* YOUR INSTRUCTIONS
Write out, word for word, every line from the one containing "Constant3/1 -> Switch3/3" through the last line of the records below, both ends included.

*** Opening DATASET EXTRACT ***

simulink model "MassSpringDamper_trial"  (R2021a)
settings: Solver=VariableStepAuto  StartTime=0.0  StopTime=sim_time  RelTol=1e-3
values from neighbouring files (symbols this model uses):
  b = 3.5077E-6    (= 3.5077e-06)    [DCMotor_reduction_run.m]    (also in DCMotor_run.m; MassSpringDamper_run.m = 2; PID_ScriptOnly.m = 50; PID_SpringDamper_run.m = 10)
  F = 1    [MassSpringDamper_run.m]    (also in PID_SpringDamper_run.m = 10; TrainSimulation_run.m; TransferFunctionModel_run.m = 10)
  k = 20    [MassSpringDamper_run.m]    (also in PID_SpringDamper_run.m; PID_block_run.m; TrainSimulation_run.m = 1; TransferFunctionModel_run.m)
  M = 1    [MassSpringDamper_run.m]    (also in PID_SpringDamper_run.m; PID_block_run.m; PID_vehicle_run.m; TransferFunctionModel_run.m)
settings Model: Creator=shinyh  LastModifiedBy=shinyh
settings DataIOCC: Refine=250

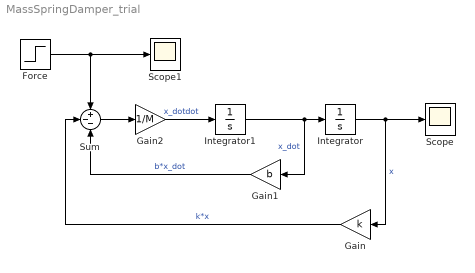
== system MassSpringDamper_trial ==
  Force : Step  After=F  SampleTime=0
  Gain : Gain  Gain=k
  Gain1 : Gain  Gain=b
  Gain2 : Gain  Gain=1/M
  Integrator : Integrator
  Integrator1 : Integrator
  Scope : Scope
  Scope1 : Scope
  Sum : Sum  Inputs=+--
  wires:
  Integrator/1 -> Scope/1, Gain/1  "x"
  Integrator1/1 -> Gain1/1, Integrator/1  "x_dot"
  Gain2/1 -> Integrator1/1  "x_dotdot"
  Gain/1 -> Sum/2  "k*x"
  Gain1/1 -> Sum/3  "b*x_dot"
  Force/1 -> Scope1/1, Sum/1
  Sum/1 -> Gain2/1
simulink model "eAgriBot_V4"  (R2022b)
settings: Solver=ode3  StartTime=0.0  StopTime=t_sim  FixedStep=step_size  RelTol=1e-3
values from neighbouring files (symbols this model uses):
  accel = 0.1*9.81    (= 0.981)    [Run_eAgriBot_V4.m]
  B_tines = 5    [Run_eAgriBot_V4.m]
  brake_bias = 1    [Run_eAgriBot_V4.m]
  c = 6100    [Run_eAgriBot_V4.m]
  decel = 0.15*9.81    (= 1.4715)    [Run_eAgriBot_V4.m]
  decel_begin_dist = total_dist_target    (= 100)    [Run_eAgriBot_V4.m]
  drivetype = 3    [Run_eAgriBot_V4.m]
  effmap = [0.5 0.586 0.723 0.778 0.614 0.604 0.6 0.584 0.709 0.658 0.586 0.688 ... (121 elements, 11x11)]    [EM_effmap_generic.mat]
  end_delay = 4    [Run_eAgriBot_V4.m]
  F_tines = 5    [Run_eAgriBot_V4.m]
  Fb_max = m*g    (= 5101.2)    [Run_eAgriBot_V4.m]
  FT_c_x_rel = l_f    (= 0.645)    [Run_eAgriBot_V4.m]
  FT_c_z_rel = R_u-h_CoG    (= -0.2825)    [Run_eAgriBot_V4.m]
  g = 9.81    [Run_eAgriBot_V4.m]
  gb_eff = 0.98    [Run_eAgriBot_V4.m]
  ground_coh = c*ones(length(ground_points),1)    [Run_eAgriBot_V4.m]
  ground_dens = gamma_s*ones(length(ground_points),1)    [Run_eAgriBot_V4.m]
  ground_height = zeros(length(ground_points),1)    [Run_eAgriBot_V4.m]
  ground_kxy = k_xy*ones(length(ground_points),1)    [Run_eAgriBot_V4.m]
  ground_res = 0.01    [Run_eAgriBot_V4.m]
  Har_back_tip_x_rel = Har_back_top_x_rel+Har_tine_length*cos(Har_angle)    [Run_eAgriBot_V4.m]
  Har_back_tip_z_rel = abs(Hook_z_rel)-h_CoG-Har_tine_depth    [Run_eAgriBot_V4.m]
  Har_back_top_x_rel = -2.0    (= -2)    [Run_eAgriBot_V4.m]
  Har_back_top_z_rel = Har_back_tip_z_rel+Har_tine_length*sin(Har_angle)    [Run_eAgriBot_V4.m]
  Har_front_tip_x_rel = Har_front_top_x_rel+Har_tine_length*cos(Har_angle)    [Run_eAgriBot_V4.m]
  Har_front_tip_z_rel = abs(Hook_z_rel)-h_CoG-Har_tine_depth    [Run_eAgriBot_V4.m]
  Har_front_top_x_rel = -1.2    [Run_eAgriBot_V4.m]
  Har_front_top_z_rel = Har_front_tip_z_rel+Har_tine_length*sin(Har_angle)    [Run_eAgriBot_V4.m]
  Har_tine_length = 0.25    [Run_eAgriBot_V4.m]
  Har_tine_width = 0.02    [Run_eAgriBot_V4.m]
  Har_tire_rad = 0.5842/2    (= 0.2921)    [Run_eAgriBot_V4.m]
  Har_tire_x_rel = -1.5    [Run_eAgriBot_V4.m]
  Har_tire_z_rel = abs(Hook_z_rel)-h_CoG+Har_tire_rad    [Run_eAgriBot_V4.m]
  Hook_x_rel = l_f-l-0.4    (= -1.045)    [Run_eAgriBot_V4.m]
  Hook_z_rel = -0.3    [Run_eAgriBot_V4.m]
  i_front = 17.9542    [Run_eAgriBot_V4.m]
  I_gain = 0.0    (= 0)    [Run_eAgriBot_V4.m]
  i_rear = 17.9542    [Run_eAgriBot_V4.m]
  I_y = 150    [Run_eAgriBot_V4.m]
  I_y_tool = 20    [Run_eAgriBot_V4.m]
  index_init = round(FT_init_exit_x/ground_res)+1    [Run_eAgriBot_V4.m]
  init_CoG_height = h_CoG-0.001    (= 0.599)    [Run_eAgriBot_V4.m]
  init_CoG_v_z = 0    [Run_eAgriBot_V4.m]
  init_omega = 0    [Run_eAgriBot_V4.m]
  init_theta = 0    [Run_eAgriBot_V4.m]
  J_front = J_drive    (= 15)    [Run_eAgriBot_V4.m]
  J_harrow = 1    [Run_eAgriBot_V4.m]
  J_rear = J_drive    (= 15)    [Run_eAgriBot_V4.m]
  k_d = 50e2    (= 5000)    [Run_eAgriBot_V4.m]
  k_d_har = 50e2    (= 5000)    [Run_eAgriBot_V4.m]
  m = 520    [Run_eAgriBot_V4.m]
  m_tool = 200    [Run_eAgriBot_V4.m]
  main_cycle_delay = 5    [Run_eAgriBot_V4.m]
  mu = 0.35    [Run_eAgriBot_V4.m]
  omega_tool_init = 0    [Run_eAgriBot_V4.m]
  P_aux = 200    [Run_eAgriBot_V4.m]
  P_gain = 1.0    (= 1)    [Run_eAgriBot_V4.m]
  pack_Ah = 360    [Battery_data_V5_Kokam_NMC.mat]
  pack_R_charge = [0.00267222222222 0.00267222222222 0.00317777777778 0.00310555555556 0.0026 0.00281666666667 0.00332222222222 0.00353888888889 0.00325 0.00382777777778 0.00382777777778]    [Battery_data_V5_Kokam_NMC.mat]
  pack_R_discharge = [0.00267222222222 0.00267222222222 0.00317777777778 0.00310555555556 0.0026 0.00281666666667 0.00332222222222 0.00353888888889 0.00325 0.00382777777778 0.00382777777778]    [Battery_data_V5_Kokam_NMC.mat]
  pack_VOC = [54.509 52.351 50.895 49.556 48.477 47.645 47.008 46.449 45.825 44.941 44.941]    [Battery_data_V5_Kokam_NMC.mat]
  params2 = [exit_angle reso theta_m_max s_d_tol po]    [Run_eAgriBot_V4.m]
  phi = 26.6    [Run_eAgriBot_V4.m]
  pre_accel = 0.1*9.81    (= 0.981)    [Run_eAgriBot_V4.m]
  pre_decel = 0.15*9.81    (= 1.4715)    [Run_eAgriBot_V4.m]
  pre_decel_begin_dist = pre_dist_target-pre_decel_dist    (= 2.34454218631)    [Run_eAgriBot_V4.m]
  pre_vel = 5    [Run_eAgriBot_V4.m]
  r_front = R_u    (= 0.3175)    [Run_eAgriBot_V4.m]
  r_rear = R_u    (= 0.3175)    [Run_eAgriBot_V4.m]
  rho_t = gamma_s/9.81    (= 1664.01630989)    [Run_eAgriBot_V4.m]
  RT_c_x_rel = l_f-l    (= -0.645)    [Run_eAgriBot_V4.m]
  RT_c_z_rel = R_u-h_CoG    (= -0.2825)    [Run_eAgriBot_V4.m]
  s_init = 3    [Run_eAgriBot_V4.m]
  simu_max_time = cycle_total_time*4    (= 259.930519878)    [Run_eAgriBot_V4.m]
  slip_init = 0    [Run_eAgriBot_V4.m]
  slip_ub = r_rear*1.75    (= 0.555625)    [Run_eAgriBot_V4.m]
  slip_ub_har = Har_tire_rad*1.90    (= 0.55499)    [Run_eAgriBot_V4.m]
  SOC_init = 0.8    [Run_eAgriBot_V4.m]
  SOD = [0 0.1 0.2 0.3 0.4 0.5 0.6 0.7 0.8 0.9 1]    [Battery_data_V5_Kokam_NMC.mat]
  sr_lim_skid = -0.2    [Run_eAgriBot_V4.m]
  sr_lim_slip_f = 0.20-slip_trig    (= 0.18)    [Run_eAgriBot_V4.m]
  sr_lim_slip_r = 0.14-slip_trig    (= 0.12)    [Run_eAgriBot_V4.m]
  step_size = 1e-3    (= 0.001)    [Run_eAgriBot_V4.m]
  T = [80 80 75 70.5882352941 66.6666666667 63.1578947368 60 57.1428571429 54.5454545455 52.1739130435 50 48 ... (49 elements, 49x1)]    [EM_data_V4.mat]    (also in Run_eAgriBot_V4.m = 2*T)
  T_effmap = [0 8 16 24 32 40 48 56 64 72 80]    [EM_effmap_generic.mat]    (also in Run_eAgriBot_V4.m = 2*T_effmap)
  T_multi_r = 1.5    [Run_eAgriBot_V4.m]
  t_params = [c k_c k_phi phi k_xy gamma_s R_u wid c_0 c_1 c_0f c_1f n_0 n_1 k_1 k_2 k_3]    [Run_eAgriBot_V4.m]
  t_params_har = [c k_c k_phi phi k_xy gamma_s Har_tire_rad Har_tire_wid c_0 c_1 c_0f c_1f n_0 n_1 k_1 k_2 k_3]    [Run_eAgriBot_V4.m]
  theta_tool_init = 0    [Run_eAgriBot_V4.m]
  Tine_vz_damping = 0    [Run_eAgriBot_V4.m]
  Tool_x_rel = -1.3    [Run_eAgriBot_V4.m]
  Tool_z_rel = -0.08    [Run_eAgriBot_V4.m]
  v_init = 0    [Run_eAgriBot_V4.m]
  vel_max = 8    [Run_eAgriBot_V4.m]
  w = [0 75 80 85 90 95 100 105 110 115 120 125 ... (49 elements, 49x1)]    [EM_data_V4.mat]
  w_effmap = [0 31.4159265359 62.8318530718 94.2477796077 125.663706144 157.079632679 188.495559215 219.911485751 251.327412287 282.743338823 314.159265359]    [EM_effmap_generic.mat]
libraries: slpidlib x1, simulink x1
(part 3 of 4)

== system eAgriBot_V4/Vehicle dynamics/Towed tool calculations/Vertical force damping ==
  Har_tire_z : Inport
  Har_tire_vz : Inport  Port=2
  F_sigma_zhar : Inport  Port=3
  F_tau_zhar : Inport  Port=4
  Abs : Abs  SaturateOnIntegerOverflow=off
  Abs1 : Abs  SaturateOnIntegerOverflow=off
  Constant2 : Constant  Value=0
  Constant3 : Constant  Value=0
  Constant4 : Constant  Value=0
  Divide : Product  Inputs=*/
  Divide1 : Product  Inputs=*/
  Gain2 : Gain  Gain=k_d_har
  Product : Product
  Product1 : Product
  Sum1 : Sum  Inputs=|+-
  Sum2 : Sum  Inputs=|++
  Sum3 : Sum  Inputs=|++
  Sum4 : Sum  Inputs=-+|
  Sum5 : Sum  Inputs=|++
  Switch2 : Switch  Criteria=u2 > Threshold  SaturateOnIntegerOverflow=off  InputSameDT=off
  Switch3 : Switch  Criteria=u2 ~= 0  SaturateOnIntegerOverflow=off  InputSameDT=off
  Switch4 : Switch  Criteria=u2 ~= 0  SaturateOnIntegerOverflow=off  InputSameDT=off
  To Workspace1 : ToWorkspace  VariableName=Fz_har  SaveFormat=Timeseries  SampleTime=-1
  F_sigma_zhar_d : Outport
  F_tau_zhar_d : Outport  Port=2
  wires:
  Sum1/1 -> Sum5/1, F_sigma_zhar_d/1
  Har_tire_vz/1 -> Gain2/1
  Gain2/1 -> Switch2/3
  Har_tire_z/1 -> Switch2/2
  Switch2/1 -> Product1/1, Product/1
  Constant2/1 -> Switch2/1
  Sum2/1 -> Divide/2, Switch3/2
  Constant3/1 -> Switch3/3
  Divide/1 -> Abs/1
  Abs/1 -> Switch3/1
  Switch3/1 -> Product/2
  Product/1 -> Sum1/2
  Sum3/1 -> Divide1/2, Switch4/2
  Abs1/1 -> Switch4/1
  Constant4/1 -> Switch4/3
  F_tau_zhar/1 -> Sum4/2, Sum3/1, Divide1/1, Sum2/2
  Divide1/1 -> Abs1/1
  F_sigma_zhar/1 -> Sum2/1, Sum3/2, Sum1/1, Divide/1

*** Closing DATASET EXTRACT ***

* SOLUTION TO THIS TASK
  Constant3/1 -> Switch3/3
  Divide/1 -> Abs/1
  Abs/1 -> Switch3/1
  Switch3/1 -> Product/2
  Product/1 -> Sum1/2
  Sum3/1 -> Divide1/2, Switch4/2
  Abs1/1 -> Switch4/1
  Constant4/1 -> Switch4/3
  F_tau_zhar/1 -> Sum4/2, Sum3/1, Divide1/1, Sum2/2
  Divide1/1 -> Abs1/1
  F_sigma_zhar/1 -> Sum2/1, Sum3/2, Sum1/1, Divide/1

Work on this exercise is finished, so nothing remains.